There is a concern that “skinny” AHPs will only attract younger, healthier enrollees, leaving those in worse health to seek coverage in the individual market, adding to further instability and premium increases in that market.  There is also an open question as to whether state regulators will allow “skinny” AHPs to be sold in certain states.

Application of Other Laws to AHPs

AHPs must comply with other relevant federal and state laws.  While further guidance is needed with respect to some of the laws (such as COBRA), the DOL did clarify that:

  • State insurance mandates that apply to fully-insured large group plans would also apply to AHPs;
  • Pregnancy-related medical expenses must be covered if the AHP includes employer members that have 15 or more employees;
  • ACA preventive care services must be covered without cost-sharing; and
  • Mental health parity applicability will be determined based on the size of the AHP (not the size of employer members).

Multiple Employer Welfare Arrangement

AHPs are Multiple Employer Welfare Arrangements (MEWAs) which are subject to joint state and federal state regulation.  States have the authority to impose licensing, registration, certification, financial reporting, audit and other standards on fully-insured AHPs to ensure compliance with state solvency standards.  States can also apply insurance laws to self-insured AHPs as long as the state law is not inconsistent with ERISA.  However, the DOL has not ruled out exempting self-insured AHPs from state insurance law in the future if state regulation is excessive.
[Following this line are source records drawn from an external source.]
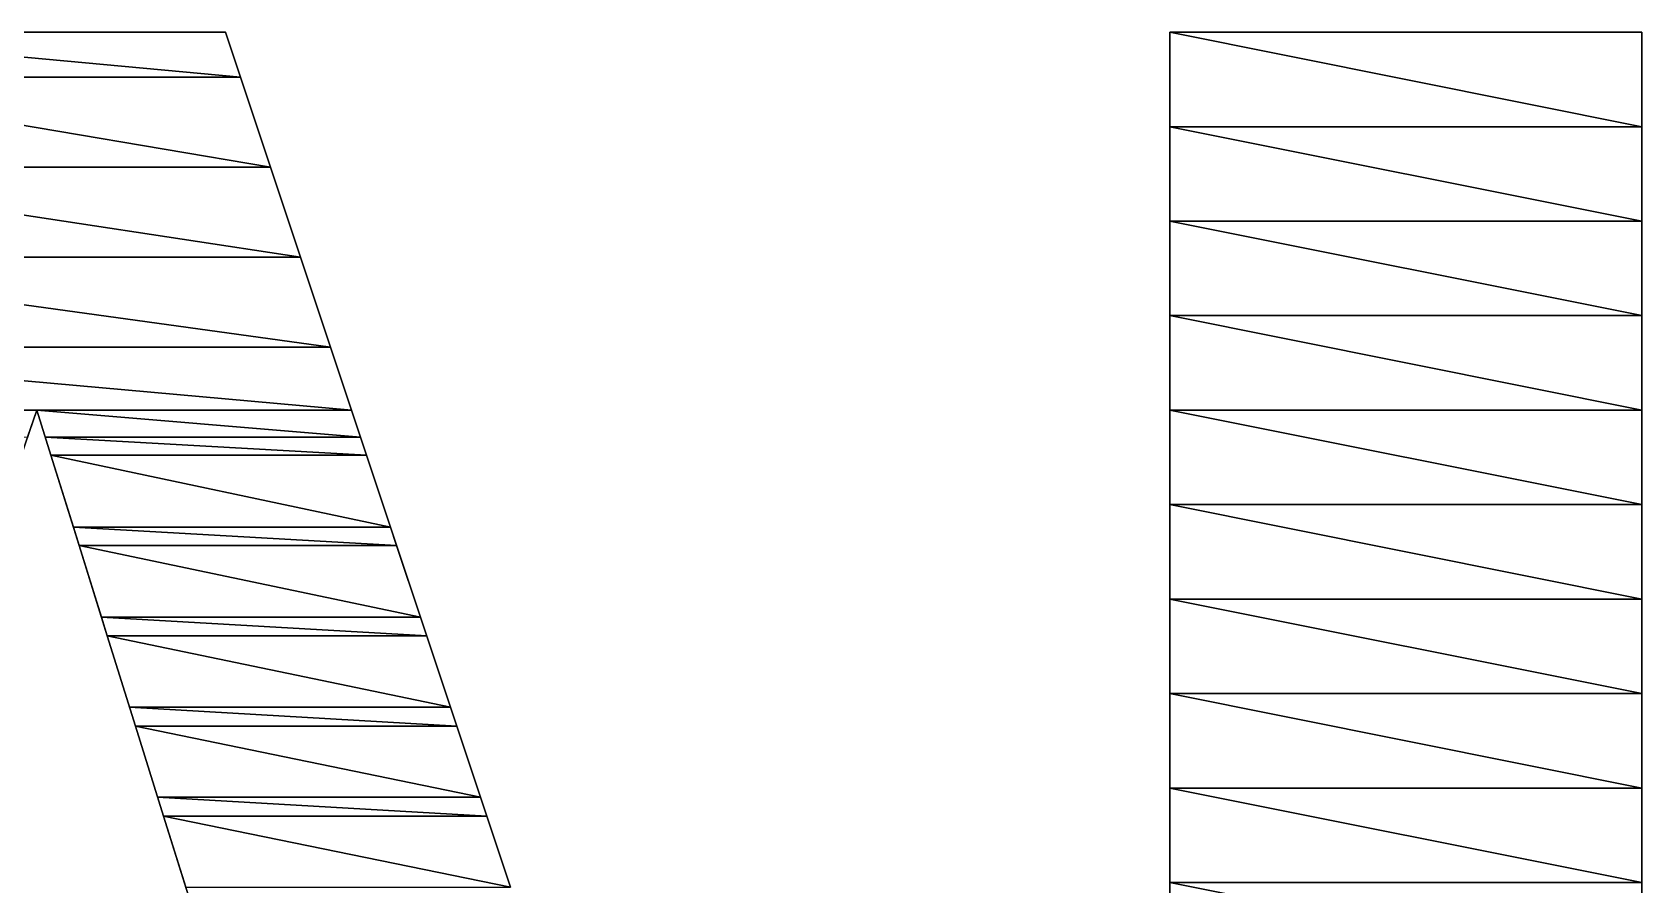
# Model space of a CAD drawing. Header units: metres. Extents: x -339 to -255, y -236 to -200.
# Drawn here: x -321.05 to -304, y -209.02 to -200 of the extents above; entities that cross this region are included whole.
import ezdxf

# ---------------------------------------------------------------- set-up
doc = ezdxf.new("R2010")
doc.units = ezdxf.units.M

msp = doc.modelspace()

# ---------------------------------------------------------------- linework, layer by layer
for points in [[(-318.84128, -200.47618, -346.41016), (-324, -200, -346.41016), (-324.15872, -200.47618, -346.41016), (-324.15863, -200.47607, -346.41006)], [(-318.84128, -200.47618, -366.41016), (-324, -200, -366.41016), (-324.15872, -200.47618, -366.41016), (-324.15863, -200.47607, -366.41006)], [(-324, -200, -346.41016), (-318.84128, -200.47618, -346.41016), (-319, -200, -346.41016), (-318.9999, -199.9999, -346.41006)], [(-324, -200, -366.41016), (-318.84128, -200.47618, -366.41016), (-319, -200, -366.41016), (-318.9999, -199.9999, -366.41006)], [(-321, -200, -366.41016), (-322, -200, -366.41016), (-321, -200, -346.41016), (-320.9999, -199.9999, -346.41006)], [(-322, -200, -366.41016), (-321, -200, -366.41016), (-321, -200, -346.41016), (-320.9999, -199.9999, -346.41006)], [(-321, -200, -346.41016), (-322, -200, -346.41016), (-322, -200, -366.41016), (-321.9999, -199.9999, -366.41006)], [(-322, -200, -346.41016), (-321, -200, -346.41016), (-322, -200, -346.41016), (-321.9999, -199.9999, -346.41006)], [(-320, -200, -366.41016), (-320, -200, -346.41016), (-321, -200, -366.41016), (-320.9999, -199.9999, -366.41006)], [(-321, -200, -366.41016), (-320, -200, -346.41016), (-320, -200, -366.41016), (-319.9999, -199.9999, -366.41006)], [(-320, -200, -346.41016), (-321, -200, -366.41016), (-321, -200, -346.41016), (-320.9999, -199.9999, -346.41006)], [(-321, -200, -346.41016), (-321, -200, -346.41016), (-320, -200, -346.41016), (-319.9999, -199.9999, -346.41006)], [(-321, -200, -346.41016), (-321, -200, -346.41016), (-321, -200, -366.41016), (-320.9999, -199.9999, -366.41006)], [(-319, -200, -366.41016), (-320, -200, -366.41016), (-319, -200, -346.41016), (-318.9999, -199.9999, -346.41006)], [(-320, -200, -366.41016), (-319, -200, -366.41016), (-319, -200, -346.41016), (-318.9999, -199.9999, -346.41006)], [(-319, -200, -346.41016), (-320, -200, -346.41016), (-320, -200, -366.41016), (-319.9999, -199.9999, -366.41006)], [(-320, -200, -346.41016), (-319, -200, -346.41016), (-320, -200, -346.41016), (-319.9999, -199.9999, -346.41006)], [(-320, -200, -346.41016), (-320, -200, -366.41016), (-320, -200, -346.41016), (-319.9999, -199.9999, -346.41006)], [(-318.84128, -200.47618, -366.41016), (-318.84128, -200.47618, -346.41016), (-319, -200, -366.41016), (-318.9999, -199.9999, -366.41006)], [(-318.84128, -200.47618, -346.41016), (-319, -200, -366.41016), (-319, -200, -346.41016), (-318.9999, -199.9999, -346.41006)], [(-319, -200, -366.41016), (-318.84128, -200.47618, -346.41016), (-318.84128, -200.47618, -366.41016), (-318.8412, -200.47607, -366.41006)], [(-319, -200, -346.41016), (-319, -200, -346.41016), (-318.84128, -200.47618, -346.41016), (-318.8412, -200.47607, -346.41006)], [(-309, -200, -346.41016), (-304, -201, -346.41016), (-304, -200, -346.41016), (-303.9999, -199.9999, -346.41006)], [(-309, -200, -366.41016), (-304, -201, -366.41016), (-304, -200, -366.41016), (-303.9999, -199.9999, -366.41006)], [(-308.5, -200, -366.41016), (-309, -200, -366.41016), (-308.5, -200, -346.41016), (-308.4999, -199.9999, -346.41006)], [(-309, -200, -366.41016), (-308.5, -200, -366.41016), (-308.5, -200, -346.41016), (-308.4999, -199.9999, -346.41006)], [(-308.5, -200, -346.41016), (-309, -200, -346.41016), (-309, -200, -366.41016), (-308.9999, -199.9999, -366.41006)], [(-309, -200, -346.41016), (-308.5, -200, -346.41016), (-309, -200, -346.41016), (-308.9999, -199.9999, -346.41006)], [(-309, -200, -346.41016), (-309, -200, -366.41016), (-309, -200, -346.41016), (-308.9999, -199.9999, -346.41006)], [(-309, -201, -366.41016), (-309, -200, -346.41016), (-309, -200, -366.41016), (-308.9999, -199.9999, -366.41006)], [(-309, -201, -346.41016), (-309, -201, -346.41016), (-309, -200, -346.41016), (-308.9999, -199.9999, -346.41006)], [(-304, -201, -346.41016), (-309, -200, -346.41016), (-309, -201, -346.41016), (-308.9999, -200.9999, -346.41006)], [(-304, -201, -366.41016), (-309, -200, -366.41016), (-309, -201, -366.41016), (-308.9999, -200.9999, -366.41006)], [(-309, -200, -366.41016), (-309, -200, -346.41016), (-309, -201, -366.41016), (-308.9999, -200.9999, -366.41006)], [(-309, -200, -346.41016), (-309, -201, -366.41016), (-309, -201, -346.41016), (-308.9999, -200.9999, -346.41006)], [(-307.5, -200, -366.41016), (-307.5, -200, -346.41016), (-308.5, -200, -366.41016), (-308.4999, -199.9999, -366.41006)], [(-308.5, -200, -366.41016), (-307.5, -200, -346.41016), (-307.5, -200, -366.41016), (-307.4999, -199.9999, -366.41006)], [(-307.5, -200, -346.41016), (-308.5, -200, -366.41016), (-308.5, -200, -346.41016), (-308.4999, -199.9999, -346.41006)], [(-308.5, -200, -346.41016), (-308.5, -200, -346.41016), (-307.5, -200, -346.41016), (-307.4999, -199.9999, -346.41006)], [(-308.5, -200, -346.41016), (-308.5, -200, -346.41016), (-308.5, -200, -366.41016), (-308.4999, -199.9999, -366.41006)], [(-306.5, -200, -366.41016), (-307.5, -200, -366.41016), (-306.5, -200, -346.41016), (-306.4999, -199.9999, -346.41006)], [(-307.5, -200, -366.41016), (-306.5, -200, -366.41016), (-306.5, -200, -346.41016), (-306.4999, -199.9999, -346.41006)], [(-306.5, -200, -346.41016), (-307.5, -200, -346.41016), (-307.5, -200, -366.41016), (-307.4999, -199.9999, -366.41006)], [(-307.5, -200, -346.41016), (-306.5, -200, -346.41016), (-307.5, -200, -346.41016), (-307.4999, -199.9999, -346.41006)], [(-307.5, -200, -346.41016), (-307.5, -200, -366.41016), (-307.5, -200, -346.41016), (-307.4999, -199.9999, -346.41006)], [(-305.5, -200, -366.41016), (-305.5, -200, -346.41016), (-306.5, -200, -366.41016), (-306.4999, -199.9999, -366.41006)], [(-306.5, -200, -366.41016), (-305.5, -200, -346.41016), (-305.5, -200, -366.41016), (-305.4999, -199.9999, -366.41006)], [(-305.5, -200, -346.41016), (-306.5, -200, -366.41016), (-306.5, -200, -346.41016), (-306.4999, -199.9999, -346.41006)], [(-306.5, -200, -346.41016), (-306.5, -200, -346.41016), (-305.5, -200, -346.41016), (-305.4999, -199.9999, -346.41006)], [(-306.5, -200, -346.41016), (-306.5, -200, -346.41016), (-306.5, -200, -366.41016), (-306.4999, -199.9999, -366.41006)], [(-304.5, -200, -366.41016), (-305.5, -200, -366.41016), (-304.5, -200, -346.41016), (-304.4999, -199.9999, -346.41006)], [(-305.5, -200, -366.41016), (-304.5, -200, -366.41016), (-304.5, -200, -346.41016), (-304.4999, -199.9999, -346.41006)], [(-304.5, -200, -346.41016), (-305.5, -200, -346.41016), (-305.5, -200, -366.41016), (-305.4999, -199.9999, -366.41006)], [(-305.5, -200, -346.41016), (-304.5, -200, -346.41016), (-305.5, -200, -346.41016), (-305.4999, -199.9999, -346.41006)], [(-305.5, -200, -346.41016), (-305.5, -200, -366.41016), (-305.5, -200, -346.41016), (-305.4999, -199.9999, -346.41006)], [(-304, -200, -366.41016), (-304, -200, -346.41016), (-304.5, -200, -366.41016), (-304.4999, -199.9999, -366.41006)], [(-304.5, -200, -366.41016), (-304, -200, -346.41016), (-304, -200, -366.41016), (-303.9999, -199.9999, -366.41006)], [(-304, -200, -346.41016), (-304.5, -200, -366.41016), (-304.5, -200, -346.41016), (-304.4999, -199.9999, -346.41006)], [(-304.5, -200, -346.41016), (-304.5, -200, -346.41016), (-304, -200, -346.41016), (-303.9999, -199.9999, -346.41006)], [(-304.5, -200, -346.41016), (-304.5, -200, -346.41016), (-304.5, -200, -366.41016), (-304.4999, -199.9999, -366.41006)], [(-304, -201, -346.41016), (-304, -200, -346.41016), (-304, -200, -366.41016), (-303.9999, -199.9999, -366.41006)], [(-304, -200, -346.41016), (-304, -201, -346.41016), (-304, -200, -346.41016), (-303.9999, -199.9999, -346.41006)], [(-304, -200, -346.41016), (-304, -200, -366.41016), (-304, -200, -346.41016), (-303.9999, -199.9999, -346.41006)], [(-304, -201, -366.41016), (-304, -200, -366.41016), (-304, -201, -346.41016), (-303.9999, -200.9999, -346.41006)], [(-304, -200, -366.41016), (-304, -201, -366.41016), (-304, -201, -346.41016), (-303.9999, -200.9999, -346.41006)], [(-318.5238, -201.42856, -346.41016), (-324.15872, -200.4762, -346.41016), (-324.4762, -201.42856, -346.41016), (-324.4761, -201.42845, -346.41006)], [(-318.5238, -201.42856, -366.41016), (-324.15872, -200.4762, -366.41016), (-324.4762, -201.42856, -366.41016), (-324.4761, -201.42845, -366.41006)], [(-324.15872, -200.47618, -346.41016), (-318.84128, -200.4762, -346.41016), (-318.84128, -200.47618, -346.41016), (-318.8412, -200.47607, -346.41006)], [(-324.15872, -200.47618, -366.41016), (-318.84128, -200.4762, -366.41016), (-318.84128, -200.47618, -366.41016), (-318.8412, -200.47607, -366.41006)], [(-324.15872, -200.4762, -346.41016), (-318.5238, -201.42856, -346.41016), (-318.84128, -200.4762, -346.41016), (-318.8412, -200.47609, -346.41006)], [(-318.84128, -200.4762, -346.41016), (-324.15872, -200.47618, -346.41016), (-324.15872, -200.4762, -346.41016), (-324.15863, -200.47609, -346.41006)], [(-324.15872, -200.4762, -366.41016), (-318.5238, -201.42856, -366.41016), (-318.84128, -200.4762, -366.41016), (-318.8412, -200.47609, -366.41006)], [(-318.84128, -200.4762, -366.41016), (-324.15872, -200.47618, -366.41016), (-324.15872, -200.4762, -366.41016), (-324.15863, -200.47609, -366.41006)], [(-318.5238, -201.42856, -346.41016), (-318.84128, -200.47618, -346.41016), (-318.84128, -200.47618, -366.41016), (-318.8412, -200.47607, -366.41006)], [(-318.84128, -200.47618, -346.41016), (-318.5238, -201.42856, -346.41016), (-318.84128, -200.47618, -346.41016), (-318.8412, -200.47607, -346.41006)], [(-318.84128, -200.47618, -346.41016), (-318.84128, -200.47618, -366.41016), (-318.84128, -200.47618, -346.41016), (-318.8412, -200.47607, -346.41006)], [(-318.5238, -201.42856, -366.41016), (-318.84128, -200.47618, -366.41016), (-318.5238, -201.42856, -346.41016), (-318.5237, -201.42845, -346.41006)], [(-318.84128, -200.47618, -366.41016), (-318.5238, -201.42856, -366.41016), (-318.5238, -201.42856, -346.41016), (-318.5237, -201.42845, -346.41006)], [(-309, -201, -346.41016), (-304, -202, -346.41016), (-304, -201, -346.41016), (-303.9999, -200.9999, -346.41006)], [(-309, -201, -366.41016), (-304, -202, -366.41016), (-304, -201, -366.41016), (-303.9999, -200.9999, -366.41006)], [(-309, -201, -346.41016), (-309, -201, -346.41016), (-309, -201, -366.41016), (-308.9999, -200.9999, -366.41006)], [(-309, -201, -366.41016), (-309, -202, -366.41016), (-309, -201, -346.41016), (-308.9999, -200.9999, -346.41006)], [(-309, -202, -366.41016), (-309, -201, -366.41016), (-309, -201, -346.41016), (-308.9999, -200.9999, -346.41006)], [(-304, -202, -346.41016), (-309, -201, -346.41016), (-309, -202, -346.41016), (-308.9999, -201.9999, -346.41006)], [(-304, -202, -366.41016), (-309, -201, -366.41016), (-309, -202, -366.41016), (-308.9999, -201.9999, -366.41006)], [(-309, -201, -346.41016), (-309, -202, -346.41016), (-309, -202, -366.41016), (-308.9999, -201.9999, -366.41006)], [(-309, -202, -346.41016), (-309, -201, -346.41016), (-309, -202, -346.41016), (-308.9999, -201.9999, -346.41006)], [(-304, -202, -366.41016), (-304, -202, -346.41016), (-304, -201, -366.41016), (-303.9999, -200.9999, -366.41006)], [(-304, -202, -346.41016), (-304, -201, -366.41016), (-304, -201, -346.41016), (-303.9999, -200.9999, -346.41006)], [(-304, -201, -346.41016), (-304, -201, -346.41016), (-304, -201, -366.41016), (-303.9999, -200.9999, -366.41006)], [(-304, -201, -366.41016), (-304, -202, -346.41016), (-304, -202, -366.41016), (-303.9999, -201.9999, -366.41006)], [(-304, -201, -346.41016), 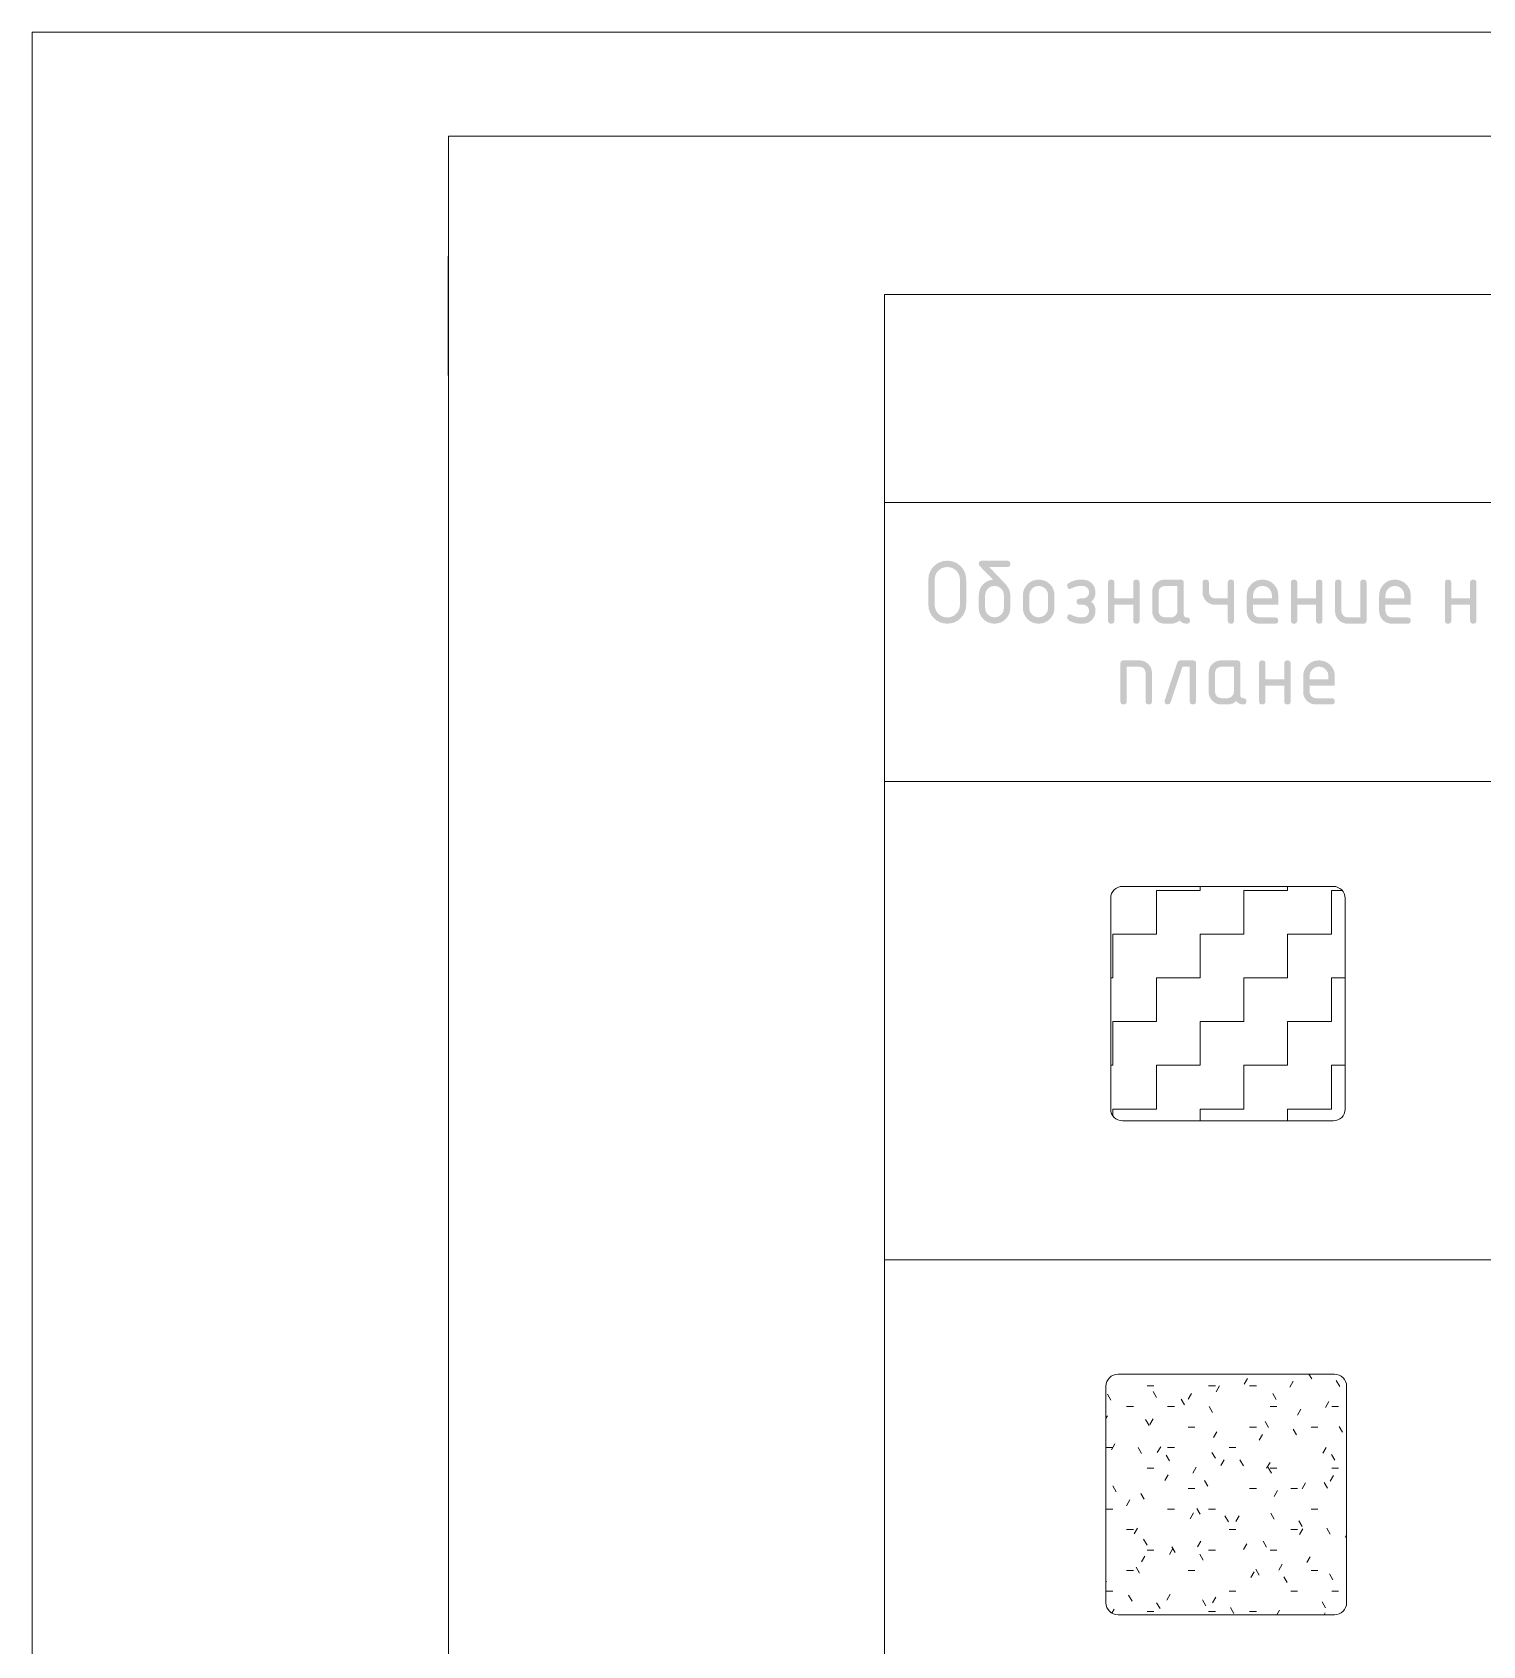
# Model space of a CAD drawing. Header units: millimetres. Extents: x -13069 to 207500, y -71366 to 56785.
# Drawn here: x 7909 to 14881, y -49422 to -41666 of the extents above; entities that cross this region are included whole.
import ezdxf

# ---------------------------------------------------------------- set-up
doc = ezdxf.new("R2010")
doc.units = ezdxf.units.MM
doc.layers.add('Потолки', color=7, linetype='Continuous', lineweight=9)
doc.layers.add('Потолки штриховка', color=7, linetype='Continuous', lineweight=9)

msp = doc.modelspace()

# ---------------------------------------------------------------- hatches: boundary and pattern name
h = msp.add_hatch(color=7)
h.paths.add_polyline_path([(12367.995, -44418.646), (12367.995, -44297.599), (12366.88, -44285.383), (12363.537, -44274.117), (12357.973, -44263.802), (12350.191, -44254.439), (12341.081, -44246.889), (12330.892, -44241.458), (12319.658, -44238.176), (12307.417, -44237.075), (12295.2, -44238.176), (12283.935, -44241.458), (12273.62, -44246.889), (12264.257, -44254.439), (12256.544, -44263.802), (12251.131, -44274.117), (12247.94, -44285.383), (12246.893, -44297.599), (12246.893, -44418.646), (12247.94, -44430.887), (12251.131, -44442.121), (12256.544, -44452.31), (12264.257, -44461.42), (12273.62, -44469.202), (12283.935, -44474.766), (12295.2, -44478.109), (12307.417, -44479.224), (12319.658, -44478.109), (12330.892, -44474.766), (12341.081, -44469.202), (12350.191, -44461.42), (12357.973, -44452.31), (12363.537, -44442.121), (12366.88, -44430.887)])
h.paths.add_polyline_path([(12398.036, -44418.646), (12396.372, -44436.759), (12391.374, -44453.545), (12383.037, -44468.976), (12371.358, -44483.028), (12357.561, -44494.615), (12342.26, -44502.803), (12325.523, -44507.662), (12307.417, -44509.266), (12289.172, -44507.662), (12272.421, -44502.803), (12257.086, -44494.615), (12243.09, -44483.028), (12231.433, -44468.976), (12223.095, -44453.545), (12218.084, -44436.759), (12216.411, -44418.646), (12216.411, -44297.599), (12218.084, -44279.323), (12223.095, -44262.562), (12231.433, -44247.238), (12243.09, -44233.272), (12257.086, -44221.592), (12272.421, -44213.256), (12289.172, -44208.258), (12307.417, -44206.593), (12325.53, -44208.251), (12342.316, -44213.201), (12357.747, -44221.406), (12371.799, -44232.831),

Historically, MEWAs (particularly self-insured MEWAs) have been susceptible to fraud and abuse, leaving participants with unpaid claims and no coverage.  The DOL seems to be relying on state insurance regulators to provide AHP oversight and enforcement; however, this can vary greatly from state to state.  The DOL expects that states will approach regulation of AHPs in widely different manners, with some states maximizing AHPs’ flexibility and others restricting them.

Insurance Market Concerns

The DOL acknowledges that AHPs, if successful, may draw healthy risk away from the traditional individual and small group markets through lower premiums and skimpier benefits. As a result, premiums in these traditional markets could increase, resulting in more uninsured unhealthy individuals that states may have to cover through high risk pools.  The DOL also expects that healthy individuals who are currently uninsured will enroll in AHPs because coverage will be more affordable than ACA-compliant coverage in the traditional markets.

Effective Dates

The final rule will apply to fully-insured AHPs beginning September 1, 2018, to existing self-insured AHPs beginning January 1, 2019 and to new self-insured AHPs beginning April 1, 2019.